Kota Pekalongan (Humas) — Peningkatan kualitas pendidikan di madrasah dinilai berdampak langsung pada pembentukan karakter generasi muda yang moderat, toleran, dan berakhlak. Hal ini menjadi perhatian serius Kantor Kementerian Agama Kota Pekalongan dalam mendorong penguatan kapasitas guru dan tenaga kependidikan. Peningkatan tersebut tidak hanya berfokus pada capaian akademik. Pembinaan nilai-nilai keagamaan yang inklusif juga menjadi prioritas di tengah masyarakat.
Komitmen tersebut ditegaskan Kepala Kantor Kementerian Agama Kota Pekalongan, Abdul Wahab, saat menghadiri Rapat Kerja Awal Tahun Ajaran 2026–2027 di MTs Ribatul Muta’allimin, Rabu (8/7/2026). Dalam arahannya, ia menekankan bahwa peran guru mencakup penyampaian materi pembelajaran serta menjadi teladan dalam membentuk akhlak peserta didik.
“Guru memiliki tanggung jawab strategis dalam menanamkan nilai moderasi beragama dan toleransi. Ini penting agar siswa mampu hidup berdampingan secara harmonis di tengah keberagaman,” ujarnya.
Menurut Wahab, tantangan pendidikan saat ini mencakup peningkatan kualitas akademik dan penguatan karakter di tengah dinamika sosial yang semakin kompleks. Oleh karena itu, peningkatan mutu tenaga pendidik harus menjadi prioritas bersama, terutama dalam membangun pola pikir keagamaan yang seimbang dan tidak ekstrem.
Kegiatan rapat kerja ini juga dihadiri Pengawas Madrasah Ahmadun, pengasuh pondok pesantren, serta Ketua Yayasan Ribatul Muta’allimin. Forum tersebut menjadi ruang konsolidasi untuk menyusun program kerja madrasah yang lebih adaptif, responsif, dan relevan dengan kebutuhan zaman.

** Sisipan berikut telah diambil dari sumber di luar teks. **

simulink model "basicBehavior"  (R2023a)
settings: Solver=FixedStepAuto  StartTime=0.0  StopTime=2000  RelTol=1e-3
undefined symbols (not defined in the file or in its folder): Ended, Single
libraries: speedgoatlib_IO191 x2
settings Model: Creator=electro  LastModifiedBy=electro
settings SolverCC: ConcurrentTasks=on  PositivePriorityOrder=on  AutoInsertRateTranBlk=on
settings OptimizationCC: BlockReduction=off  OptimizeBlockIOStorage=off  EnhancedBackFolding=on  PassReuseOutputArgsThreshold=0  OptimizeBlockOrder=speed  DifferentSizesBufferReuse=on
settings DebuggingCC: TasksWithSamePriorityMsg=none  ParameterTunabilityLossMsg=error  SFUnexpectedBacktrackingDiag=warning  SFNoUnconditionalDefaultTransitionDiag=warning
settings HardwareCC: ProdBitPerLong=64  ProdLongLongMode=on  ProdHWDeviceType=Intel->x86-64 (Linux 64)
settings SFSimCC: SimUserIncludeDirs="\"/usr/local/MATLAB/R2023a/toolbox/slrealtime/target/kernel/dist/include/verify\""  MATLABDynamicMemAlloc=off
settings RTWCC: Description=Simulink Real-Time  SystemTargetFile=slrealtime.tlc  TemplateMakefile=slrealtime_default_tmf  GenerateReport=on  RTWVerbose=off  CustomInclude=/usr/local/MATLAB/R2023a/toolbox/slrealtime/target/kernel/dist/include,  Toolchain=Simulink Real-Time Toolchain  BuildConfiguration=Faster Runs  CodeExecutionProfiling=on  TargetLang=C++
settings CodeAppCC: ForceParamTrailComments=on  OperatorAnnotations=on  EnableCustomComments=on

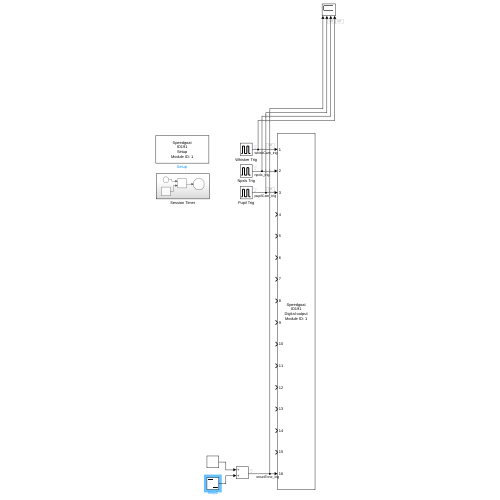
[thumbnail: Simulink's stored preview of the top-level diagram]
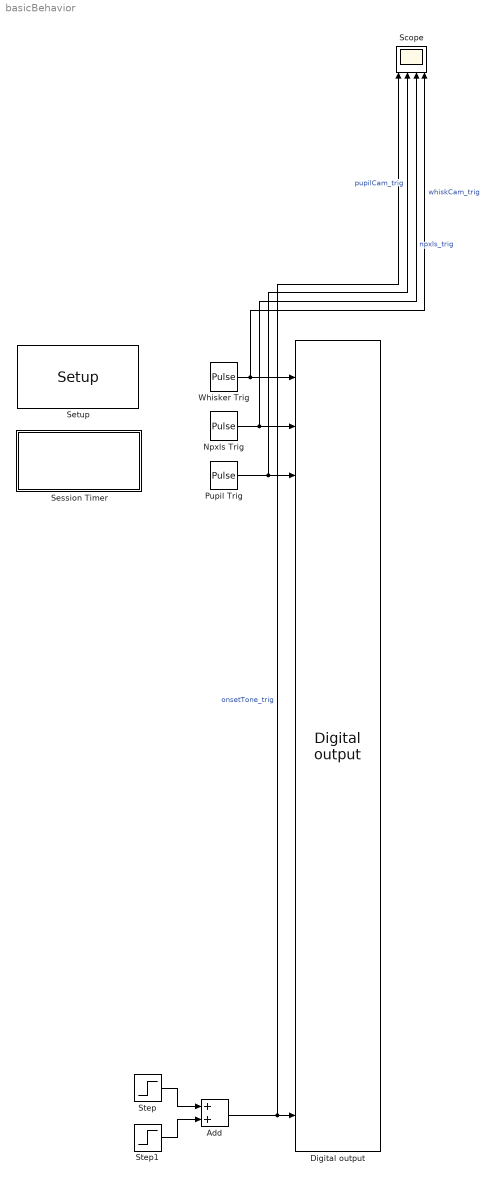
== system basicBehavior ==
  Add : Sum
  "Digital output " : speedgoatlib_IO191/Digital output   parModuleId=1  parSampleTime=0.002  parPciSlot=-1  parDoChannels=[1 2 3 4 5 6 7 8 9 10 11 12 13 14 15 16]  parDoInitValues=[0 0 0 0 0 0 0 0 0 0 0 0 0 0 0 0]  parDoResets=[1 1 1 1 1 1 1 1 1 1 1 1 1 1 1 1]
      settings: SourceProductName=Simulink Real-Time: Speedgoat I/O Blockset
  Npxls Trig : DiscretePulseGenerator  PulseType=Time based  Period=0.004  PulseWidth=50  SampleTime=0.002
  Pupil Trig : DiscretePulseGenerator  PulseType=Time based  Period=0.1  PulseWidth=50  SampleTime=0.002
  Scope : Scope  NumInputPorts=4
  Session Timer : Subsystem
  "Setup " : speedgoatlib_IO191/Setup   parModuleId=1  parPciSlot=-1  parTriggerSignal=TTL  parAdcChannels=[1 2]  parAdcRanges=[3 3]  parAdcChannel1=on  parAdcChannel2=on  parAdcChannel3=off  parAdcChannel4=off  parAdcChannel5=off  parAdcChannel6=off  parAdcChannel7=off  parAdcChannel8=off  parAdcMode=Single-Ended  parAdcRate=100000  parAdcRange11=+-10.24 V  parAdcRange21=+-24.576 V  parAdcRange12=+-10.24 V  parAdcRange22=+-24.576 V  parAdcRange13=+-10.24 V  parAdcRange23=+-24.576 V  parAdcRange14=+-10.24 V  parAdcRange24=+-24.576 V  parAdcRange15=+-10.24 V  parAdcRange25=+-24.576 V  parAdcRange16=+-10.24 V  parAdcRange26=+-24.576 V  parAdcRange17=+-10.24 V  parAdcRange27=+-24.576 V  parAdcRange18=+-10.24 V  parAdcRange28=+-24.576 V  parDacChannels=[1 2]  parDacChannel1=on  parDacChannel2=on  parDacChannel3=off  parDacChannel4=off  parDacMode=Single-Ended  parDacRanges=[4 4]  parDacInitValues=[0 0]  parDacResets=[1 1]  parDacRange1=+-10 V  parDacInitValue1=0  parDacReset1=on  parDacRange2=+-10 V  parDacInitValue2=0  parDacReset2=on  parDacRange3=+-10 V  parDacInitValue3=0  parDacReset3=on  parDacRange4=+-10 V  parDacInitValue4=0  parDacReset4=on  parDiChannels=zeros(1,0)  parDoChannels=[1 2 3 4 5 6 7 8 9 10 11 12 13 14 15 16]  parDioFirstControl=[1 2 3 4 5 6 7 8 9]  parDioSecondControl=0  parDioChannel1=Out  parExtra1=I  parExtra2=I  parExtra3=I  parDioChannel2=Out  parDioChannel3=Out  parDioChannel4=Out  parDioChannel5=Out  parDioChannel6=Out  parDioChannel7=Out  parDioChannel8=Out  parDioChannel9=Out  parDoInitValues=[0 0 0 0]  parDoResets=[1 1 1 1]  parDoInitValue1=0  parDoReset1=on  parDoInitValue2=0  parDoReset2=on  parDoInitValue3=0  parDoReset3=on  parDoInitValue4=0  parDoReset4=on  parDoInitValue5=0  parDoReset5=on  parDoInitValue6=0  parDoReset6=on  parDoInitValue7=0  parDoReset7=on  parDoInitValue8=0  parDoReset8=on  parDoInitValue9=0  parDoReset9=on  parDoInitValue10=0  parDoReset10=on  parDoInitValue11=0  parDoReset11=on  parDoInitValue12=0  parDoReset12=on  parDoInitValue13=0  parDoReset13=on  parDoInitValue14=0  parDoReset14=on  parDoInitValue15=0  parDoReset15=on  parDoInitValue16=0  parDoReset16=on
      settings: SourceProductName=Simulink Real-Time: Speedgoat I/O Blockset
  Step : Step  Time=0  SampleTime=0.002
  Step1 : Step  After=-1  SampleTime=0.002
  Whisker Trig : DiscretePulseGenerator  PulseType=Time based  Period=0.02  PulseWidth=50  SampleTime=0.002
  wires:
  Whisker Trig/1 -> Scope/4, "Digital output "/1  "whiskCam_trig"
  Pupil Trig/1 -> Scope/2, "Digital output "/3  "pupilCam_trig"
  Add/1 -> Scope/1, "Digital output "/16  "onsetTone_trig"
  Npxls Trig/1 -> Scope/3, "Digital output "/2  "npxls_trig"
  Step/1 -> Add/1
  Step1/1 -> Add/2

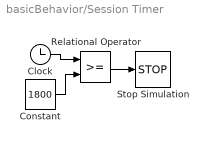
== system basicBehavior/Session Timer ==
  Clock : Clock
  Constant : Constant  Value=1800  SampleTime=0.002
  Relational Operator : RelationalOperator  OutDataTypeStr=boolean  RndMeth=Simplest  InputSameDT=off
  Stop Simulation : Stop
  wires:
  Relational Operator/1 -> Stop Simulation/1
  Constant/1 -> Relational Operator/2
  Clock/1 -> Relational Operator/1

Melalui kegiatan ini, seluruh elemen pendidikan di lingkungan madrasah diharapkan dapat memperkuat sinergi dalam menciptakan ekosistem pendidikan yang unggul secara akademik. Ekosistem tersebut juga diharapkan mampu melahirkan generasi yang berintegritas, toleran, dan berkontribusi positif bagi kehidupan masyarakat.